* [TASK PROMPT]
Could the lines from the top of the material to the line that contains "for name, color, linetype, lineweight" be retyped exactly, both included and pictures omitted?

* [EXERCISE INPUT]
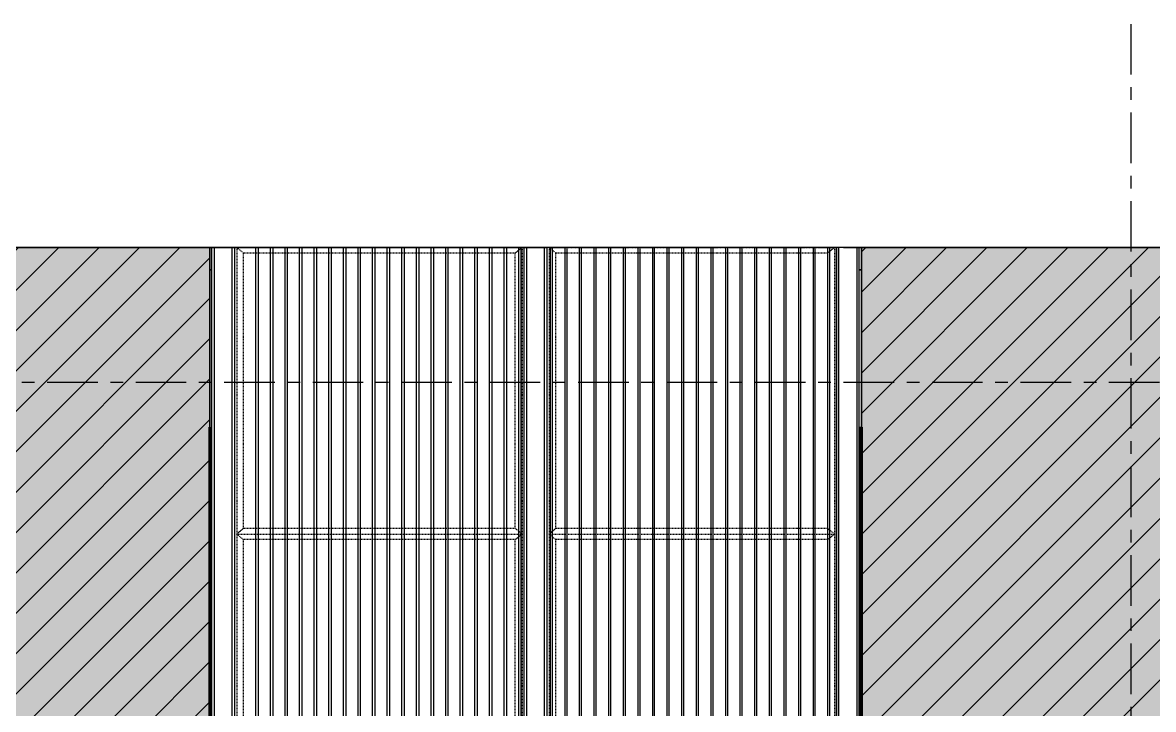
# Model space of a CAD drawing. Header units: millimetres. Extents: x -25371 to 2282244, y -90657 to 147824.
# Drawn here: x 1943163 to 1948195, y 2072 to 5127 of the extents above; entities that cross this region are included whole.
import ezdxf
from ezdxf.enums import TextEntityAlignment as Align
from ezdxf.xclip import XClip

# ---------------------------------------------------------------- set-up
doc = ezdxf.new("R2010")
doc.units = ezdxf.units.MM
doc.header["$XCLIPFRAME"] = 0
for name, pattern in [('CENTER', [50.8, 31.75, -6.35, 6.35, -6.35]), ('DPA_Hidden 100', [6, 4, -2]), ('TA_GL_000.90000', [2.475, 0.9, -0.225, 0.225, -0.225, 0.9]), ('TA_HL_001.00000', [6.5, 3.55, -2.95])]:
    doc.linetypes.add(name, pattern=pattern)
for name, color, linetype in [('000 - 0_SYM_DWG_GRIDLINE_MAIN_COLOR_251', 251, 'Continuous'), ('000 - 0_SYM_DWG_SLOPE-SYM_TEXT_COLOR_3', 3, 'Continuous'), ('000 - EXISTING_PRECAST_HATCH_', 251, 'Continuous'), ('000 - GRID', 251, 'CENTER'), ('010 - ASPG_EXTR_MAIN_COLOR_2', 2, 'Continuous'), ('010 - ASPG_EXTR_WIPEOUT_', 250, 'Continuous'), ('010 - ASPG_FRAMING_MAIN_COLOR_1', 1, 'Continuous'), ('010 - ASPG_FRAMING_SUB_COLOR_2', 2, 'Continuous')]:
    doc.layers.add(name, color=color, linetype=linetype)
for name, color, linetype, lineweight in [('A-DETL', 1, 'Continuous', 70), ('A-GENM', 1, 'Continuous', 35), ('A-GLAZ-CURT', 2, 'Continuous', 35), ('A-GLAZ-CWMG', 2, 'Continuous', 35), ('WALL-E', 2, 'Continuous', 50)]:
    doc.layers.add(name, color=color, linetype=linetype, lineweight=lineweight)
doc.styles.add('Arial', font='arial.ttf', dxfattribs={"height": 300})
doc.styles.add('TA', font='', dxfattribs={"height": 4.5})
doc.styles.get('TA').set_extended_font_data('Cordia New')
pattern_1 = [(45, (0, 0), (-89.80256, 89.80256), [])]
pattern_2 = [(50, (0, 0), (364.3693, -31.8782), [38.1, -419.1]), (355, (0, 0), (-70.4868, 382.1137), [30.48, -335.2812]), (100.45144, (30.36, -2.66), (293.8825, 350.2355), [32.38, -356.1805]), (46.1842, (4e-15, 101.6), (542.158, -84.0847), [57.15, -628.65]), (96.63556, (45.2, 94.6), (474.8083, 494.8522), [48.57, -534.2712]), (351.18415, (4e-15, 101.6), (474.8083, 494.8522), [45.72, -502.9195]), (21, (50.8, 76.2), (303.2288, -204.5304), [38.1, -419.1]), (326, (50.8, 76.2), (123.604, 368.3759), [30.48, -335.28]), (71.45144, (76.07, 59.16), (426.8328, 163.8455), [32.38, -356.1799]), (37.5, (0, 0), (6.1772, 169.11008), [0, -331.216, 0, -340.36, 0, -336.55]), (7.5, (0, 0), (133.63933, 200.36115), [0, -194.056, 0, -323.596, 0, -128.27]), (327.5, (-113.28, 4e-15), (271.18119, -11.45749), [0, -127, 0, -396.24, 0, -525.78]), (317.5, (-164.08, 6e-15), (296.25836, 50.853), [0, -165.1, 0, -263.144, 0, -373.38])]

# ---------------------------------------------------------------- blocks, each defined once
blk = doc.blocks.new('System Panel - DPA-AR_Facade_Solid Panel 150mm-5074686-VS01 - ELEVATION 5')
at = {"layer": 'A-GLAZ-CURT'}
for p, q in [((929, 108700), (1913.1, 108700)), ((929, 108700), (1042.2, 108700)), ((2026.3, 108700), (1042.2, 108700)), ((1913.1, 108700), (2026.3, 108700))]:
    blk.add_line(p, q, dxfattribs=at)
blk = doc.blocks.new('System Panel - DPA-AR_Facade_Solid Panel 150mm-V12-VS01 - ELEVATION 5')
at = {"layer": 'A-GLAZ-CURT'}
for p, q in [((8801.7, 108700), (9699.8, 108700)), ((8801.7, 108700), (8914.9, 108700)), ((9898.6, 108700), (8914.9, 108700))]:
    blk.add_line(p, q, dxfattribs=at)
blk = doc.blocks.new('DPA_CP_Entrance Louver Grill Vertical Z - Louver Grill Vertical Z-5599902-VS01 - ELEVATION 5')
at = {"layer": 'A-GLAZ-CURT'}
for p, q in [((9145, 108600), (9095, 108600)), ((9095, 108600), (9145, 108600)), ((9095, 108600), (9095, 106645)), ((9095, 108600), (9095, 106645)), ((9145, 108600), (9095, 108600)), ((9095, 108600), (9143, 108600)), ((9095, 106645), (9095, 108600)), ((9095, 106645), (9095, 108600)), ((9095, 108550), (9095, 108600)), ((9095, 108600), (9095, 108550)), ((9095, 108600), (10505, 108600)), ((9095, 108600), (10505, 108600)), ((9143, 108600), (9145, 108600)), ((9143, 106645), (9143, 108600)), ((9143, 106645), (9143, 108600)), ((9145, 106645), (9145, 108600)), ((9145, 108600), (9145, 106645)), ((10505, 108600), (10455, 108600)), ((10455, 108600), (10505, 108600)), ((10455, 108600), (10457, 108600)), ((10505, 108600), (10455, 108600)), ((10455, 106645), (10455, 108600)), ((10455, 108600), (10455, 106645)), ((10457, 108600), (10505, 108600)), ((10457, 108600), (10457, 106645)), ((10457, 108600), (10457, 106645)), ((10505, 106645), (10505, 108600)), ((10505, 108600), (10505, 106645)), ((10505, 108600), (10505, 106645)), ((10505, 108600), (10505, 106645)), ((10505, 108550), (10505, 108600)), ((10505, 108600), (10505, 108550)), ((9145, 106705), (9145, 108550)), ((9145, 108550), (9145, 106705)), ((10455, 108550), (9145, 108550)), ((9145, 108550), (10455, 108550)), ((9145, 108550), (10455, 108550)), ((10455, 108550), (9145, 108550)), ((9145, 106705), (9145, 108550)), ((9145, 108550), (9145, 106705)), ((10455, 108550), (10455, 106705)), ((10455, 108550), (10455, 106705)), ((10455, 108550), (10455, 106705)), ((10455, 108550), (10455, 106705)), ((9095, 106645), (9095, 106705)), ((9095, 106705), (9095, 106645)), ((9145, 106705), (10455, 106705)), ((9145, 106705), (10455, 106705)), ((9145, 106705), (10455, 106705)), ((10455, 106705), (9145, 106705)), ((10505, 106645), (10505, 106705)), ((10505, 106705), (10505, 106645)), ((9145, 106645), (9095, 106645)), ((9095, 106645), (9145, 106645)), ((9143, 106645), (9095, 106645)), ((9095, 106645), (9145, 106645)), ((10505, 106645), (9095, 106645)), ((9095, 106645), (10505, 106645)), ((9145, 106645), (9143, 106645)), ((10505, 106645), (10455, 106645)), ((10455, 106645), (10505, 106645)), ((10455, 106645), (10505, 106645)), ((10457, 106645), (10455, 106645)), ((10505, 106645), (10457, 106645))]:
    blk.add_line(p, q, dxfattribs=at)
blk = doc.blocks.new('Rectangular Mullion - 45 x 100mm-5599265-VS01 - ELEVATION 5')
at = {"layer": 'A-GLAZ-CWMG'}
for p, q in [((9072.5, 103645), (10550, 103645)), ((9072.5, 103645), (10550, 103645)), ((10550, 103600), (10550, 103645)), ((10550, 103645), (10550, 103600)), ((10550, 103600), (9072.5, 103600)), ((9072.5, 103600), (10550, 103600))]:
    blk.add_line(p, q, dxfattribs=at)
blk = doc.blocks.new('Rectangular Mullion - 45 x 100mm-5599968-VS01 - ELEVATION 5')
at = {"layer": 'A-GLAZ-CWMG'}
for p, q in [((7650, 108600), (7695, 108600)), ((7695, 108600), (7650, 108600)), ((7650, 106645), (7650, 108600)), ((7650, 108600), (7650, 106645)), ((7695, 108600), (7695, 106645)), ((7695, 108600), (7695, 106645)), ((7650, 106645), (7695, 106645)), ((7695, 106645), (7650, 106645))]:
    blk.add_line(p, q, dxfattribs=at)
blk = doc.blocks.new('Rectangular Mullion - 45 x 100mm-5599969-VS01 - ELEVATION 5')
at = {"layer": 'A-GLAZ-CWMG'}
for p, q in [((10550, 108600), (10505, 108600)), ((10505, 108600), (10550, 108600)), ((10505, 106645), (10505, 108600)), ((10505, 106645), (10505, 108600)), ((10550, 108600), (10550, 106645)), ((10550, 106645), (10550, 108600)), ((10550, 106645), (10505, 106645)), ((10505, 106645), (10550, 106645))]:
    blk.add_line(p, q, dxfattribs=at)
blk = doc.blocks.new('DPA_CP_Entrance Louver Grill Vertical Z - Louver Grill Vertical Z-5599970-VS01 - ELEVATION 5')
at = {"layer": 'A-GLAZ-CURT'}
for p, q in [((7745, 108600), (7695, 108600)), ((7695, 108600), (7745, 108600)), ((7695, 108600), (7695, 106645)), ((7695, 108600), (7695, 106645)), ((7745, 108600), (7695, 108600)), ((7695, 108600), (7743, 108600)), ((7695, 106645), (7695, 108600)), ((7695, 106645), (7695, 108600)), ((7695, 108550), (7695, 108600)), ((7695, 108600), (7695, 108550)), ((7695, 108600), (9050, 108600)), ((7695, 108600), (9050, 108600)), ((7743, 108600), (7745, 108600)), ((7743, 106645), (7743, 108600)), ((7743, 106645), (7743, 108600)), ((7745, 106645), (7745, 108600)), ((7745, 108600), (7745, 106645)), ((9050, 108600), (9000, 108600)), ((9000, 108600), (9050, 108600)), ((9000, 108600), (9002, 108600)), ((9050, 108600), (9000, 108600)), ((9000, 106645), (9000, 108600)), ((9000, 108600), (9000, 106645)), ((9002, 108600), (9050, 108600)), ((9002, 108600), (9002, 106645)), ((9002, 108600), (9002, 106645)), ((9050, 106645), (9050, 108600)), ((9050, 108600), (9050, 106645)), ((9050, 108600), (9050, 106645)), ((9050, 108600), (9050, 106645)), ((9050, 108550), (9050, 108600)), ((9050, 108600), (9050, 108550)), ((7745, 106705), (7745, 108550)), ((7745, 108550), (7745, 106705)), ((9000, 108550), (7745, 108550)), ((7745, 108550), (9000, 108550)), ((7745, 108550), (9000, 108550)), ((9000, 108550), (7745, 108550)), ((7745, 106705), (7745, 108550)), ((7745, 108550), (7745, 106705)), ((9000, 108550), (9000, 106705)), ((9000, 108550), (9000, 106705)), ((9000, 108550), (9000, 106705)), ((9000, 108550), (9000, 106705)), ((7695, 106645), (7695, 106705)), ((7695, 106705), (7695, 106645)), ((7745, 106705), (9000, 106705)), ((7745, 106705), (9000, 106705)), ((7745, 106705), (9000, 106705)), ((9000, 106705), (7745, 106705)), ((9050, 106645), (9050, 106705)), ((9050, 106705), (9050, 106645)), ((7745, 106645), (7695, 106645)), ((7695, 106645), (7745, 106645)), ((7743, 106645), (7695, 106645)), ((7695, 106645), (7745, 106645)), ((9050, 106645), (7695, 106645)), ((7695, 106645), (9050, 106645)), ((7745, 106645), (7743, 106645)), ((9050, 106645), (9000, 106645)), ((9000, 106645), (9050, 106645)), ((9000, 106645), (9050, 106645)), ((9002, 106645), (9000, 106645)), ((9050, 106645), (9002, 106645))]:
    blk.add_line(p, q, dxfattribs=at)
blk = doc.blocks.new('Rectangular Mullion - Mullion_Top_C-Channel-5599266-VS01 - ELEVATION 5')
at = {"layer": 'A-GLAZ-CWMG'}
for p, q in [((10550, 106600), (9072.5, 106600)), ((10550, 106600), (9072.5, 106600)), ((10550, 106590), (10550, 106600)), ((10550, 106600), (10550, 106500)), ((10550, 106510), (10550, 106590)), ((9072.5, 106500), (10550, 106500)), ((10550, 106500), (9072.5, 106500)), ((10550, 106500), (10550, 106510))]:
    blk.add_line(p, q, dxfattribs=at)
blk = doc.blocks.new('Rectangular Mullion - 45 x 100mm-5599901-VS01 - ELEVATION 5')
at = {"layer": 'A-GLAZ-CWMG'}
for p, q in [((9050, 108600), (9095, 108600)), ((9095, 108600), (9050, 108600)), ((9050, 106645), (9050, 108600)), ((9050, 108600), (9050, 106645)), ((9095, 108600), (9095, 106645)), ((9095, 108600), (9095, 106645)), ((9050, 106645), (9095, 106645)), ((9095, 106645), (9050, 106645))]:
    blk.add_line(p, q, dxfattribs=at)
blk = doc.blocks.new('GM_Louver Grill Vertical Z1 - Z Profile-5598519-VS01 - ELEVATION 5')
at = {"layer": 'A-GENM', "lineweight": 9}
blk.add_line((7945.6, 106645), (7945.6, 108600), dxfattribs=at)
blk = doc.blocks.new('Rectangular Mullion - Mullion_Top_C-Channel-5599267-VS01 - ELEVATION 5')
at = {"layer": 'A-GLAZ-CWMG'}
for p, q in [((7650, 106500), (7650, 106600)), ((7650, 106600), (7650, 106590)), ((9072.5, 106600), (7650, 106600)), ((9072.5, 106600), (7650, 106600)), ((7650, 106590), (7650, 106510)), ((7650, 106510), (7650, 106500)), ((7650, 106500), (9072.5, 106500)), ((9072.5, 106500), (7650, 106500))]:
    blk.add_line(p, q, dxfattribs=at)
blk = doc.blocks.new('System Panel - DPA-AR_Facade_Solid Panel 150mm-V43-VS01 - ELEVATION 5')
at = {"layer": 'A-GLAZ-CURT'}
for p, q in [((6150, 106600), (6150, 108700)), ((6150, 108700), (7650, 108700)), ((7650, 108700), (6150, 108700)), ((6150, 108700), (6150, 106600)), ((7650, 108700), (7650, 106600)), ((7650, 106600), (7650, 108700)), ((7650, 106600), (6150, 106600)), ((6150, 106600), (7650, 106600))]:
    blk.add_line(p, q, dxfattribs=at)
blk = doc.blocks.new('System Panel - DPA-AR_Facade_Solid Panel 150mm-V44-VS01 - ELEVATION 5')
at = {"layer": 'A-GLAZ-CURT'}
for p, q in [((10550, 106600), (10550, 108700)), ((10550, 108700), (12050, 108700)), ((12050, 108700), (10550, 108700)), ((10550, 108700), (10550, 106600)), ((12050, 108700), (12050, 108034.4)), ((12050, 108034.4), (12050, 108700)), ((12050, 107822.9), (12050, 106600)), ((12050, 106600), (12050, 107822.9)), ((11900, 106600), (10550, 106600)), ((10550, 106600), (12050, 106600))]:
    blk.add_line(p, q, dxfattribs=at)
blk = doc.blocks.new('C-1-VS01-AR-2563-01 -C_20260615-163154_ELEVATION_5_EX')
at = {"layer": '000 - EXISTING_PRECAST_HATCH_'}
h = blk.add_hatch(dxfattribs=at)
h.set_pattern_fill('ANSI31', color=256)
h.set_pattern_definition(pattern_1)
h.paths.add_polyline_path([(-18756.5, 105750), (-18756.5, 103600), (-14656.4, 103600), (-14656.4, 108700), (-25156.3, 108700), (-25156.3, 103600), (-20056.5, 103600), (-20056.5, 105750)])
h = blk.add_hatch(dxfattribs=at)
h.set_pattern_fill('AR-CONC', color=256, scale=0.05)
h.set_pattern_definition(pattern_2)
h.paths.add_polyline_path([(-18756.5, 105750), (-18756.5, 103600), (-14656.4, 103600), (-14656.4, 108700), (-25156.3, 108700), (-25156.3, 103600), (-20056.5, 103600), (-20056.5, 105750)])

* [EXERCISE OUTPUT]
# Model space of a CAD drawing. Header units: millimetres. Extents: x -25371 to 2282244, y -90657 to 147824.
# Drawn here: x 1943163 to 1948195, y 2072 to 5127 of the extents above; entities that cross this region are included whole.
import ezdxf
from ezdxf.enums import TextEntityAlignment as Align
from ezdxf.xclip import XClip

# ---------------------------------------------------------------- set-up
doc = ezdxf.new("R2010")
doc.units = ezdxf.units.MM
doc.header["$XCLIPFRAME"] = 0
for name, pattern in [('CENTER', [50.8, 31.75, -6.35, 6.35, -6.35]), ('DPA_Hidden 100', [6, 4, -2]), ('TA_GL_000.90000', [2.475, 0.9, -0.225, 0.225, -0.225, 0.9]), ('TA_HL_001.00000', [6.5, 3.55, -2.95])]:
    doc.linetypes.add(name, pattern=pattern)
for name, color, linetype in [('000 - 0_SYM_DWG_GRIDLINE_MAIN_COLOR_251', 251, 'Continuous'), ('000 - 0_SYM_DWG_SLOPE-SYM_TEXT_COLOR_3', 3, 'Continuous'), ('000 - EXISTING_PRECAST_HATCH_', 251, 'Continuous'), ('000 - GRID', 251, 'CENTER'), ('010 - ASPG_EXTR_MAIN_COLOR_2', 2, 'Continuous'), ('010 - ASPG_EXTR_WIPEOUT_', 250, 'Continuous'), ('010 - ASPG_FRAMING_MAIN_COLOR_1', 1, 'Continuous'), ('010 - ASPG_FRAMING_SUB_COLOR_2', 2, 'Continuous')]:
    doc.layers.add(name, color=color, linetype=linetype)
for name, color, linetype, lineweight in [('A-DETL', 1, 'Continuous', 70), ('A-GENM', 1, 'Continuous', 35), ('A-GLAZ-CURT', 2, 'Continuous', 35), ('A-GLAZ-CWMG', 2, 'Continuous', 35), ('WALL-E', 2, 'Continuous', 50)]:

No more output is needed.